### THE TASK
Use the entries below and reproduce exactly the lines from the one containing "arc A9 (22.0649, 7.5894)" down to the one containing "line L17 (31.8373, 8.4206)", both of them included.

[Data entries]
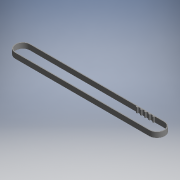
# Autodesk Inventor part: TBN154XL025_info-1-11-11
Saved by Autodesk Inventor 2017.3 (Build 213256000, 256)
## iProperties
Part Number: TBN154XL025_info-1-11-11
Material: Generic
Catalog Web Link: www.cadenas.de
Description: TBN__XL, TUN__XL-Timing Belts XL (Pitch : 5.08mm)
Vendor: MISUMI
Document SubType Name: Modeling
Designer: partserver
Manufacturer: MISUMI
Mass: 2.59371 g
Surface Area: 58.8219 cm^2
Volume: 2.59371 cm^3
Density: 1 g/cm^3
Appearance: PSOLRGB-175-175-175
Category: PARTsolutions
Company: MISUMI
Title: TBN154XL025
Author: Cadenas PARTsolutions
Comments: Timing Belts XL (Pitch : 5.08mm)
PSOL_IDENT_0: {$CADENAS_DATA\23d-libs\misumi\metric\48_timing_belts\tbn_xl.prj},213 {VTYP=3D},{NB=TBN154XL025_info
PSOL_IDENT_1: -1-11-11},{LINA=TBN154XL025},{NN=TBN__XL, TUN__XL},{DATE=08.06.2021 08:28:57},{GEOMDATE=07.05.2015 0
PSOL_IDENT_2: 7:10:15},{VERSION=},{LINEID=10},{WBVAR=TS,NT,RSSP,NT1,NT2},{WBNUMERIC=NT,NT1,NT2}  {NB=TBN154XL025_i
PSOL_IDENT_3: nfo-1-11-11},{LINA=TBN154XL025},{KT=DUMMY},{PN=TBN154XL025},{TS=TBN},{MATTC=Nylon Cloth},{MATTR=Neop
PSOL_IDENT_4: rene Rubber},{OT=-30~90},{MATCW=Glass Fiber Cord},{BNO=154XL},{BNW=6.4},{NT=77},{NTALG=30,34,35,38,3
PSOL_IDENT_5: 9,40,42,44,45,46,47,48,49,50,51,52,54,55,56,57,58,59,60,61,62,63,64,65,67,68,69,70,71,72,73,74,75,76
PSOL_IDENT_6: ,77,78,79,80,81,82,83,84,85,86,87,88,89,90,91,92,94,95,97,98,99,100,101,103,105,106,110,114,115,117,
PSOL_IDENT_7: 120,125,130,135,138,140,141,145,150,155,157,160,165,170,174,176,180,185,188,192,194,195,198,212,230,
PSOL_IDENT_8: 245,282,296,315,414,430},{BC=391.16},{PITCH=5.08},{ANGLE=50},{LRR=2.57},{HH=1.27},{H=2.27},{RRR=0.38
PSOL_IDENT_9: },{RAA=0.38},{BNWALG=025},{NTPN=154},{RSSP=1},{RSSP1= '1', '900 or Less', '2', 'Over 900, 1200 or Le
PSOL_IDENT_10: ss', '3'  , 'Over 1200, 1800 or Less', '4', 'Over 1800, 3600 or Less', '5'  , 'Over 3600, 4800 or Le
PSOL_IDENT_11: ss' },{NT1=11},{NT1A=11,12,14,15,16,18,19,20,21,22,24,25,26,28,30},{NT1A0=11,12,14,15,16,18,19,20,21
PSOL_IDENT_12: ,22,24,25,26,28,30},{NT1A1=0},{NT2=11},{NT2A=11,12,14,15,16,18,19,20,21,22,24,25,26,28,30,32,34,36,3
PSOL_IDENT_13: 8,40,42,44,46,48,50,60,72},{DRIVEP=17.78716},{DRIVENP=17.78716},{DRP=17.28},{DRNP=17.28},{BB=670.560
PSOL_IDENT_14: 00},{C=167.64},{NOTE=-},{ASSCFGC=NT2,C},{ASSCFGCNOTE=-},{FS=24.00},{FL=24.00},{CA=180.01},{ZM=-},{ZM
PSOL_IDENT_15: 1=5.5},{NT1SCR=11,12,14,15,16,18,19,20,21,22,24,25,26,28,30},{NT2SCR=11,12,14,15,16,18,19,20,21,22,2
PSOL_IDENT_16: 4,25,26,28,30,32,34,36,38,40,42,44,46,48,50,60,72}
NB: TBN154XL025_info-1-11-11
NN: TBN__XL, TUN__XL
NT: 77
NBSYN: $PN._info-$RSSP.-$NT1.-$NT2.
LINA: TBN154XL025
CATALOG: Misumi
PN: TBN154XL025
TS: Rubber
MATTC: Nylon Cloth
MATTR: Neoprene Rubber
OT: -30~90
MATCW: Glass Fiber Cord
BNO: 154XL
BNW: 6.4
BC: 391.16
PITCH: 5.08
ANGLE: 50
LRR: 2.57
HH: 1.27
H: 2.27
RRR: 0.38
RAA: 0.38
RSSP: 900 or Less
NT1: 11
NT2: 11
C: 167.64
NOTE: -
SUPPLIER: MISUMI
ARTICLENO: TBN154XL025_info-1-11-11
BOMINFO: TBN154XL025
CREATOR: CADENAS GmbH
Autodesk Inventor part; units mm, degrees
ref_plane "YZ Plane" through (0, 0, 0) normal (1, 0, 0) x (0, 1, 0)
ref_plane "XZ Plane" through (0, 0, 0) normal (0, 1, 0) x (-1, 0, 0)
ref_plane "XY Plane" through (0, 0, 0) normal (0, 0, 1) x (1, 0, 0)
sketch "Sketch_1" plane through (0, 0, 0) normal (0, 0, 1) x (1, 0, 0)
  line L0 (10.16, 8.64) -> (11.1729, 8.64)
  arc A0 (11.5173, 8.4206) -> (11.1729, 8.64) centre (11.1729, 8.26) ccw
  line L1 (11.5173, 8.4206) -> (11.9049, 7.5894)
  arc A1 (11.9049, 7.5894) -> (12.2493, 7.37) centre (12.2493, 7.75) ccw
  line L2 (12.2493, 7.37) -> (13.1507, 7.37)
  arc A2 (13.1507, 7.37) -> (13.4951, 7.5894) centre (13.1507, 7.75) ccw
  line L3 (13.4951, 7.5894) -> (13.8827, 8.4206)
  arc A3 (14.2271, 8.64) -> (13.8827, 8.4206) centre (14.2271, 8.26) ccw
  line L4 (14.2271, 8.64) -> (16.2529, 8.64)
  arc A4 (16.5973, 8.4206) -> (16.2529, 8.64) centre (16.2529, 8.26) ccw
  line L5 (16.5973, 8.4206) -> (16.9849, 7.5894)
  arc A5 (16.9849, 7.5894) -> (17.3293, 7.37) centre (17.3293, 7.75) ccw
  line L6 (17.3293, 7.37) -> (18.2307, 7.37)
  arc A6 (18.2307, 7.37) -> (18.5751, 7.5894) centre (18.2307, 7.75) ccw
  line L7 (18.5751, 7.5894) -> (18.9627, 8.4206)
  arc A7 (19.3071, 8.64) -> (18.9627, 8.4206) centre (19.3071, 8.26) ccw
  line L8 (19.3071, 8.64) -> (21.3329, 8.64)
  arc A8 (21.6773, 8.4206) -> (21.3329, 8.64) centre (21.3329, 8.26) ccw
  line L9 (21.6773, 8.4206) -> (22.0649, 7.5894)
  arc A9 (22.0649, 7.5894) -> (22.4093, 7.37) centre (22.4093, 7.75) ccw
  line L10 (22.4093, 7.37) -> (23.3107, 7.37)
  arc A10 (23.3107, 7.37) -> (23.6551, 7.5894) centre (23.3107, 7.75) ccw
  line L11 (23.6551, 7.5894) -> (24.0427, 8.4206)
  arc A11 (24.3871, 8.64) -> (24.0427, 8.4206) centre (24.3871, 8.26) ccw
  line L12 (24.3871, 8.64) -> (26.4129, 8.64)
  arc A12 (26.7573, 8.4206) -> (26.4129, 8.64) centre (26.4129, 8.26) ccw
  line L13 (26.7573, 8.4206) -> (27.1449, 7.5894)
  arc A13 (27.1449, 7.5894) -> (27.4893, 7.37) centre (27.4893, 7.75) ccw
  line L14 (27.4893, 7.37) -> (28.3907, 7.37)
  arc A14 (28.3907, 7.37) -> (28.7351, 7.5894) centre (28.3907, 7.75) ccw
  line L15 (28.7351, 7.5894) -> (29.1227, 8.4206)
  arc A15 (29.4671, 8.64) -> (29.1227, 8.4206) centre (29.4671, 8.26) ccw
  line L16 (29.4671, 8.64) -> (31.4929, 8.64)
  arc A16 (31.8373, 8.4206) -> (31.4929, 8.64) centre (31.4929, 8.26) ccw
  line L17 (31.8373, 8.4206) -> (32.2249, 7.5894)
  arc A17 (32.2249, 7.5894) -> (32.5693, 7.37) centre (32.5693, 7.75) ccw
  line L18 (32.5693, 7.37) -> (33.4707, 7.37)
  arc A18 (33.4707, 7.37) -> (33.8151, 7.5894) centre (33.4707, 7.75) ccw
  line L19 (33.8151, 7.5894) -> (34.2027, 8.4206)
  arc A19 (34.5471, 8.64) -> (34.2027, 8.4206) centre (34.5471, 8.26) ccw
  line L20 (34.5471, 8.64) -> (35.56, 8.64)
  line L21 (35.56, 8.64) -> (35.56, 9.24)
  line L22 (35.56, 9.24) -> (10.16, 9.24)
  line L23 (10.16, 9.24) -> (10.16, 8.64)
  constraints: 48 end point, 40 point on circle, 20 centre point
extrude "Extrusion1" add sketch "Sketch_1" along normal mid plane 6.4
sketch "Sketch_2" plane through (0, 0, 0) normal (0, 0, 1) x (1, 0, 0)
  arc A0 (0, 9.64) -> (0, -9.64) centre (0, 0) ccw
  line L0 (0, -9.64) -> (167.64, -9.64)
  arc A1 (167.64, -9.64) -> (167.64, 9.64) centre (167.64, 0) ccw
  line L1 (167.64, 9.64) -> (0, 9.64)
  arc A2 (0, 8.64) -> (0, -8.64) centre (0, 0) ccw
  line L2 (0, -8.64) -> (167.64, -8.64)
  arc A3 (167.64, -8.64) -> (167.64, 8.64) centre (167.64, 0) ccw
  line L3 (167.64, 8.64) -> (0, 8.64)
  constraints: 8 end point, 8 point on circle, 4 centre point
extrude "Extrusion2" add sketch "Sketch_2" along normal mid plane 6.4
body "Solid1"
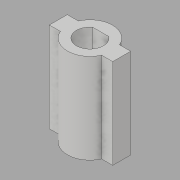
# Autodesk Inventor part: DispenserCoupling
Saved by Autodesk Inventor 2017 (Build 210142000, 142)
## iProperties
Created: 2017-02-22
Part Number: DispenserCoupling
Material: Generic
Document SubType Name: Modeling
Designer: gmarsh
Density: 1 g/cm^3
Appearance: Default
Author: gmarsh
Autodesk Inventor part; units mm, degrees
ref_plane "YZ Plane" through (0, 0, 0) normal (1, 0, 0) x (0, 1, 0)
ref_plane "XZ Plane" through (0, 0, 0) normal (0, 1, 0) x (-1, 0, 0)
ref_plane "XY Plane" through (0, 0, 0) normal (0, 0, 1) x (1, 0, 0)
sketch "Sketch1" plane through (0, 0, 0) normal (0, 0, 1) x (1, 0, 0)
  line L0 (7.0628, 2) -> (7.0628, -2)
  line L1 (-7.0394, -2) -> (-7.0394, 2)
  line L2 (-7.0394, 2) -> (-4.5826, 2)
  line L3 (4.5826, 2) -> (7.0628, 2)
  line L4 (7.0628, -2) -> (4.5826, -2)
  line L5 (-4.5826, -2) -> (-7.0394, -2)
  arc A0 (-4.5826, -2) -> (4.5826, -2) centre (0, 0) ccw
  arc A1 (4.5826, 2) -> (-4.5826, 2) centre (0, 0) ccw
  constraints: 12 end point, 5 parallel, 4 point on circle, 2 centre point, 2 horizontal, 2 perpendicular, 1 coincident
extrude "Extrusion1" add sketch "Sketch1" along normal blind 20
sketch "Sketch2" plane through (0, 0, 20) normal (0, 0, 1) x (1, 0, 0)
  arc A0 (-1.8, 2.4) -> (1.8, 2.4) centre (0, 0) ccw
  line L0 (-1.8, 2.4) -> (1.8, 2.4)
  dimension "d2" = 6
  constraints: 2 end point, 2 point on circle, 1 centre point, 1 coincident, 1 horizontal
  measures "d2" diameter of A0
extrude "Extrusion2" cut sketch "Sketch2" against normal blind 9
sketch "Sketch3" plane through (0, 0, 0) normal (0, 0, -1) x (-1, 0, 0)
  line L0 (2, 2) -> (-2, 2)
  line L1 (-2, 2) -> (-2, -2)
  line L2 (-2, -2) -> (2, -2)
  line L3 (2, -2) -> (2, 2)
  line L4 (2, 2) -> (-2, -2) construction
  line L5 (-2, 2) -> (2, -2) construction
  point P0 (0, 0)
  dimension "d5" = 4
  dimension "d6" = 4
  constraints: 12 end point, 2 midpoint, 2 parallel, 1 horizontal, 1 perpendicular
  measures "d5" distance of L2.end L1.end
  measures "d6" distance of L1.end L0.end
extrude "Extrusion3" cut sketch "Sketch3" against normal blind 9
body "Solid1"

### RESPONSE AREA
  arc A9 (22.0649, 7.5894) -> (22.4093, 7.37) centre (22.4093, 7.75) ccw
  line L10 (22.4093, 7.37) -> (23.3107, 7.37)
  arc A10 (23.3107, 7.37) -> (23.6551, 7.5894) centre (23.3107, 7.75) ccw
  line L11 (23.6551, 7.5894) -> (24.0427, 8.4206)
  arc A11 (24.3871, 8.64) -> (24.0427, 8.4206) centre (24.3871, 8.26) ccw
  line L12 (24.3871, 8.64) -> (26.4129, 8.64)
  arc A12 (26.7573, 8.4206) -> (26.4129, 8.64) centre (26.4129, 8.26) ccw
  line L13 (26.7573, 8.4206) -> (27.1449, 7.5894)
  arc A13 (27.1449, 7.5894) -> (27.4893, 7.37) centre (27.4893, 7.75) ccw
  line L14 (27.4893, 7.37) -> (28.3907, 7.37)
  arc A14 (28.3907, 7.37) -> (28.7351, 7.5894) centre (28.3907, 7.75) ccw
  line L15 (28.7351, 7.5894) -> (29.1227, 8.4206)
  arc A15 (29.4671, 8.64) -> (29.1227, 8.4206) centre (29.4671, 8.26) ccw
  line L16 (29.4671, 8.64) -> (31.4929, 8.64)
  arc A16 (31.8373, 8.4206) -> (31.4929, 8.64) centre (31.4929, 8.26) ccw
  line L17 (31.8373, 8.4206) -> (32.2249, 7.5894)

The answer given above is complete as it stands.